ASSIGNMENT » Everything below from the line with "L6 w0.2: U5.6@11.865,68.2" to the last line, both included, is to be written out exactly, with nothing added.

■ ■ ■ ■

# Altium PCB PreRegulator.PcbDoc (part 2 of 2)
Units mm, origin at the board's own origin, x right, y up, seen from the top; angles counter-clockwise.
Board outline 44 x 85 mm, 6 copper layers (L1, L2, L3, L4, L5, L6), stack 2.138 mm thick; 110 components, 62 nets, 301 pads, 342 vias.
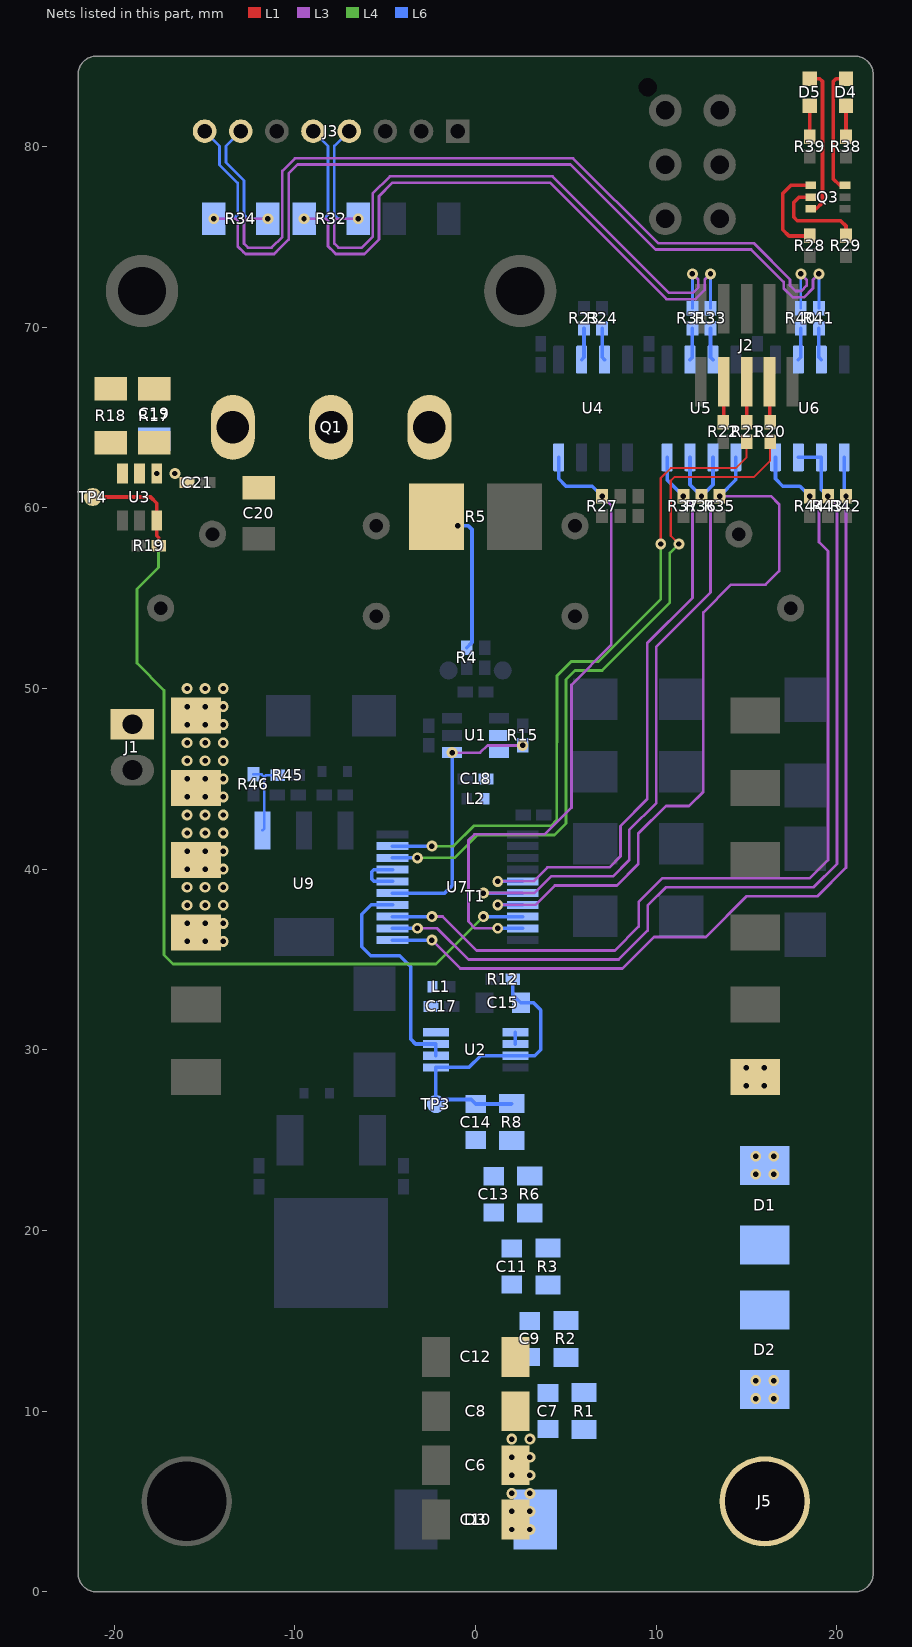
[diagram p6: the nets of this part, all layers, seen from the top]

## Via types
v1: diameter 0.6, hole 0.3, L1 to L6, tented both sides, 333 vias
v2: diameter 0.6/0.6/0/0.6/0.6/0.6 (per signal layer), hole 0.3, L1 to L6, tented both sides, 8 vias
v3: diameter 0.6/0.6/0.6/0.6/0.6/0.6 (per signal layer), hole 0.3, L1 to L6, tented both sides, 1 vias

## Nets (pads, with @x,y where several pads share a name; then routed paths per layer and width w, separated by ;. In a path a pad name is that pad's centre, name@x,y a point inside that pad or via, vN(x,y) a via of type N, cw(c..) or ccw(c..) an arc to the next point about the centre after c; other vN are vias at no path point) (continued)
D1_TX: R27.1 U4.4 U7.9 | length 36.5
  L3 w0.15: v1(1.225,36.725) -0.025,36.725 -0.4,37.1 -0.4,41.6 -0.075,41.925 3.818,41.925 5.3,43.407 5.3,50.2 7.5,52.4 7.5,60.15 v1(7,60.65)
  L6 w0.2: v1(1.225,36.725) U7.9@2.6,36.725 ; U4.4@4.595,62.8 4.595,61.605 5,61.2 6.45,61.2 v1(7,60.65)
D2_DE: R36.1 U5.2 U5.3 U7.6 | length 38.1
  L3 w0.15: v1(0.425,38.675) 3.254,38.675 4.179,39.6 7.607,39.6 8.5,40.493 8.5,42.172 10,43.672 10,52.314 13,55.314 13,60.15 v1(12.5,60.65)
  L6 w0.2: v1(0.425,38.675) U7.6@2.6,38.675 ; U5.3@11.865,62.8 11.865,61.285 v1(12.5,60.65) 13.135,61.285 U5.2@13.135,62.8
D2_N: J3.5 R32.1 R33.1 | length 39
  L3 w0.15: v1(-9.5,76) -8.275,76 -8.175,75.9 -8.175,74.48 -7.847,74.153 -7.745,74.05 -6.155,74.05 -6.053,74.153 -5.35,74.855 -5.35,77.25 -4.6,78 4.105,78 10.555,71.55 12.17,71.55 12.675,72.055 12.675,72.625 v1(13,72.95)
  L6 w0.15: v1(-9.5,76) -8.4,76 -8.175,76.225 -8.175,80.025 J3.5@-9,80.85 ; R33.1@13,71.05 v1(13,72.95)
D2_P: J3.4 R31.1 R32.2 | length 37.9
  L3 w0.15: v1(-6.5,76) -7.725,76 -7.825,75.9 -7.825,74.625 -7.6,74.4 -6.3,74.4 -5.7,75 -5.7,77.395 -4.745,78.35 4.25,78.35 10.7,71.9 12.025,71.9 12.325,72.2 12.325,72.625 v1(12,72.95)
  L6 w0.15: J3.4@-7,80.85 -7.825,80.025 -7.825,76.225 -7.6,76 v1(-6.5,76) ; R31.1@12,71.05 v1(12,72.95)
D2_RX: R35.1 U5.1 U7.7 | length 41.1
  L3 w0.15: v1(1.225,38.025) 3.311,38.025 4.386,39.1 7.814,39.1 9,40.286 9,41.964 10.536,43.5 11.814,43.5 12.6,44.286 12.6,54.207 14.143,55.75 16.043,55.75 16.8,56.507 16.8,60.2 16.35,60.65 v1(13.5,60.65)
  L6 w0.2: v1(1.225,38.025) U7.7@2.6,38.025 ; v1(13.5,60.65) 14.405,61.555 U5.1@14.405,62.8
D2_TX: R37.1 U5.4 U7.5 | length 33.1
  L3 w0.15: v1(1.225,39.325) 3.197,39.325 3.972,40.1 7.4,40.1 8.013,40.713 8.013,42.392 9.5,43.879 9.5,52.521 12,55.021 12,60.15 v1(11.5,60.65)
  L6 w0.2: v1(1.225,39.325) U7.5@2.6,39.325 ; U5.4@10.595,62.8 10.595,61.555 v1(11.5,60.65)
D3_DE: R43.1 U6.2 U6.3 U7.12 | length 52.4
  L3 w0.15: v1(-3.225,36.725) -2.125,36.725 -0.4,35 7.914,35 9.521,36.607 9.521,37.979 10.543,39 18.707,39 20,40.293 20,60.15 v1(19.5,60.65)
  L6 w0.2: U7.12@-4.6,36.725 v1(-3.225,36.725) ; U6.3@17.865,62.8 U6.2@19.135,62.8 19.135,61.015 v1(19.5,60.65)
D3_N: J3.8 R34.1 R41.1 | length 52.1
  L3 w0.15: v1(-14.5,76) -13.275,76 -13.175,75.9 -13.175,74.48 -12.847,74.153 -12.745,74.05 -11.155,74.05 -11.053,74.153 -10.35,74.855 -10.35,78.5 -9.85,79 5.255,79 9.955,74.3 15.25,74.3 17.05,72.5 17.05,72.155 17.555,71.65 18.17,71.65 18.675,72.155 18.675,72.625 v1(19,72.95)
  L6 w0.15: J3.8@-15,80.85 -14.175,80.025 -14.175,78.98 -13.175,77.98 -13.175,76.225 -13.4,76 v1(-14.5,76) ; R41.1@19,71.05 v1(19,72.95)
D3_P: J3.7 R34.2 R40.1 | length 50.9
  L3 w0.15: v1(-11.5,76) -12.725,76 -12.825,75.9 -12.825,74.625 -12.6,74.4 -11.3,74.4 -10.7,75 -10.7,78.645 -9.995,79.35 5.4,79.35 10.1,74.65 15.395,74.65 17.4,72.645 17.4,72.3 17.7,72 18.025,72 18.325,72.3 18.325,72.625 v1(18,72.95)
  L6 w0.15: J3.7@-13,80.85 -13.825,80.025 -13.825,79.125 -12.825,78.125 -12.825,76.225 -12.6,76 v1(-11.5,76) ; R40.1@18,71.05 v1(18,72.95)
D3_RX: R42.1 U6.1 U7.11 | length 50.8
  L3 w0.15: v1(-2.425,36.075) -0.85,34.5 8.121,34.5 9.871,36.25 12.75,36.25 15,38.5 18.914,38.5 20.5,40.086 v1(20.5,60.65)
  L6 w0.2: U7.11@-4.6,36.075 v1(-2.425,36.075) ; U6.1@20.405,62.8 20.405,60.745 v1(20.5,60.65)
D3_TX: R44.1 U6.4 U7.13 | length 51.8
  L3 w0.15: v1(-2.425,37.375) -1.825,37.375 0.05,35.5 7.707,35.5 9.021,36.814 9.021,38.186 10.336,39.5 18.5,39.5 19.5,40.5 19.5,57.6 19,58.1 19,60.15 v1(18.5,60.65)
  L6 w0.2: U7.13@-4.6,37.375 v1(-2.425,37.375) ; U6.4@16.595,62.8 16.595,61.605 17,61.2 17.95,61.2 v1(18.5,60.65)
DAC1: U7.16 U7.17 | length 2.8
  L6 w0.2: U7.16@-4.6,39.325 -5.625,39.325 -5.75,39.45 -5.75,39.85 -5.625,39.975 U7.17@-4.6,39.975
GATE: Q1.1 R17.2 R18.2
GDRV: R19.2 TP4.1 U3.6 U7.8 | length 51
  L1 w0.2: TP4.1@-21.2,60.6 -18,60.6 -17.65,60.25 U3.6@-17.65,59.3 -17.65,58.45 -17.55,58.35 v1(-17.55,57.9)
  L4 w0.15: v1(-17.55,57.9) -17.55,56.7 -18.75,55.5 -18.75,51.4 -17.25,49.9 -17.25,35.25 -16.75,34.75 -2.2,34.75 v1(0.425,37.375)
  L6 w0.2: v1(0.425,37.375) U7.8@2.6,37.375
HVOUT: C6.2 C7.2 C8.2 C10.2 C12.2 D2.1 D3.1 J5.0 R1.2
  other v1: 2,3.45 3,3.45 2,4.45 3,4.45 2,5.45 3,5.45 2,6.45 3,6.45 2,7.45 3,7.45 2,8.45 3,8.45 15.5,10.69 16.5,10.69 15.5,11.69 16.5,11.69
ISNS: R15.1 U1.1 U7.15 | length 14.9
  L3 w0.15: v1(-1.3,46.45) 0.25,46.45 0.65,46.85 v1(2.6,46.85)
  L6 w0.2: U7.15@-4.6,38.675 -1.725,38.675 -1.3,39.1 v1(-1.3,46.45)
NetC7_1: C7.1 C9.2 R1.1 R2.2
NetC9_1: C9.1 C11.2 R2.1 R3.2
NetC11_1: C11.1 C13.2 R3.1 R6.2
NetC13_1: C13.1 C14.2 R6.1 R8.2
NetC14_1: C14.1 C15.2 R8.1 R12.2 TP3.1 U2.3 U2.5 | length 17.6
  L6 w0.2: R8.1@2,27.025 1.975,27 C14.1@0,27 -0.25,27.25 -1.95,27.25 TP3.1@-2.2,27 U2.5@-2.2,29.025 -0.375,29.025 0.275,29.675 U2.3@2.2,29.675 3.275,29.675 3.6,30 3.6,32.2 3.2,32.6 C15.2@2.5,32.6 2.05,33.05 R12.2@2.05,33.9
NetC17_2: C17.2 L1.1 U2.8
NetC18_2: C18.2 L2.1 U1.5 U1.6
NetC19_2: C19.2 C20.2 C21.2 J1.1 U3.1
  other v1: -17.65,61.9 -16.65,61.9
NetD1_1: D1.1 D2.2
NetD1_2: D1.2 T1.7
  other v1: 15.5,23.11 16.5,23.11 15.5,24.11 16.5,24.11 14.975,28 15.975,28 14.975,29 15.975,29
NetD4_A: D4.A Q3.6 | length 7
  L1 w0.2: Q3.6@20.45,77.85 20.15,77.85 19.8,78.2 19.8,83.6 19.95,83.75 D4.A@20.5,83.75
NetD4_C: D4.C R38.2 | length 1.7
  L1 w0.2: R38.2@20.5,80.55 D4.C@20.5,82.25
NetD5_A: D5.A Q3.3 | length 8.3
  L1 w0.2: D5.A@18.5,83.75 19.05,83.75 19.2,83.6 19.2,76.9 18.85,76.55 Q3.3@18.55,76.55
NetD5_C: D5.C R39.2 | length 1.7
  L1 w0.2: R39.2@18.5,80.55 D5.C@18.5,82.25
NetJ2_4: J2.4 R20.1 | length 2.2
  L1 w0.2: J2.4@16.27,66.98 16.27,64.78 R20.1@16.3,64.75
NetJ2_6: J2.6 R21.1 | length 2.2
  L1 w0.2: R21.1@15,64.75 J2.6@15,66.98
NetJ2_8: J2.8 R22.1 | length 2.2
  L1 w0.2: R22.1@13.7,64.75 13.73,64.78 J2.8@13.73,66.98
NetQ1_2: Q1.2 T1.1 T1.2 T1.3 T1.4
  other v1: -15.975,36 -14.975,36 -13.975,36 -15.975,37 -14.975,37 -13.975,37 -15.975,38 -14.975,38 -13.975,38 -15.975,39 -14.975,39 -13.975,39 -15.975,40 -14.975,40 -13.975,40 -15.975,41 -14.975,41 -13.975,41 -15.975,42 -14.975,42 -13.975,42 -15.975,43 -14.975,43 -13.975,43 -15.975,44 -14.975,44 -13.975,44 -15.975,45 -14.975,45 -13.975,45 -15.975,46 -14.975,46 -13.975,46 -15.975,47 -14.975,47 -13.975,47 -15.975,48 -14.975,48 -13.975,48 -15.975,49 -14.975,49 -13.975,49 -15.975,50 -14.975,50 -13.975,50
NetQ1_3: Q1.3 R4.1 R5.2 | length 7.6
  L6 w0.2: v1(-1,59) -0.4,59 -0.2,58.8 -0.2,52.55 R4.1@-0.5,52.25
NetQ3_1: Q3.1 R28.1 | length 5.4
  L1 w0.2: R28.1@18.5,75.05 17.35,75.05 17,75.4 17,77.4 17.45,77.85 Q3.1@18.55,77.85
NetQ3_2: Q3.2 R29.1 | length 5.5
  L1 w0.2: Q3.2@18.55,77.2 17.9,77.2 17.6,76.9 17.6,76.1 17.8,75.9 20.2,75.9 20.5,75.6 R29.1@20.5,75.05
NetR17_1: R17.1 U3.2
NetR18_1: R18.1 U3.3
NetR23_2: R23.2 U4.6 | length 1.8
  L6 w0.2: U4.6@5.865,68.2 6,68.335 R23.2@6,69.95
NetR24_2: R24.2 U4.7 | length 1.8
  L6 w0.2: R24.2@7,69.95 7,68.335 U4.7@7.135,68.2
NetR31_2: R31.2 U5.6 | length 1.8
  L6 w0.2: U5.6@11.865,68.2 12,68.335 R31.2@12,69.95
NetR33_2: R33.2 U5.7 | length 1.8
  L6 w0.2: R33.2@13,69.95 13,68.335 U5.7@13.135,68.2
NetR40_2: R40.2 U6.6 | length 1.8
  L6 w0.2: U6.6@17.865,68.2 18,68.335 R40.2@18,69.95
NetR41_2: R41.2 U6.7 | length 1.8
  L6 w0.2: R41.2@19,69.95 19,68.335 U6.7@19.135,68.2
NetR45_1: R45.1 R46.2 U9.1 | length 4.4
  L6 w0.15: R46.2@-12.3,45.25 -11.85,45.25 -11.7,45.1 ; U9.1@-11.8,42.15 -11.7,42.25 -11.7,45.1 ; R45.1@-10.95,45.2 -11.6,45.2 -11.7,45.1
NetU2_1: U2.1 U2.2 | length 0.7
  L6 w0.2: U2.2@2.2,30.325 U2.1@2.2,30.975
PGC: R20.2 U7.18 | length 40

■ ■ ■ ■

PROBLEM SOLUTION »
  L6 w0.2: U5.6@11.865,68.2 12,68.335 R31.2@12,69.95
NetR33_2: R33.2 U5.7 | length 1.8
  L6 w0.2: R33.2@13,69.95 13,68.335 U5.7@13.135,68.2
NetR40_2: R40.2 U6.6 | length 1.8
  L6 w0.2: U6.6@17.865,68.2 18,68.335 R40.2@18,69.95
NetR41_2: R41.2 U6.7 | length 1.8
  L6 w0.2: R41.2@19,69.95 19,68.335 U6.7@19.135,68.2
NetR45_1: R45.1 R46.2 U9.1 | length 4.4
  L6 w0.15: R46.2@-12.3,45.25 -11.85,45.25 -11.7,45.1 ; U9.1@-11.8,42.15 -11.7,42.25 -11.7,45.1 ; R45.1@-10.95,45.2 -11.6,45.2 -11.7,45.1
NetU2_1: U2.1 U2.2 | length 0.7
  L6 w0.2: U2.2@2.2,30.325 U2.1@2.2,30.975
PGC: R20.2 U7.18 | length 40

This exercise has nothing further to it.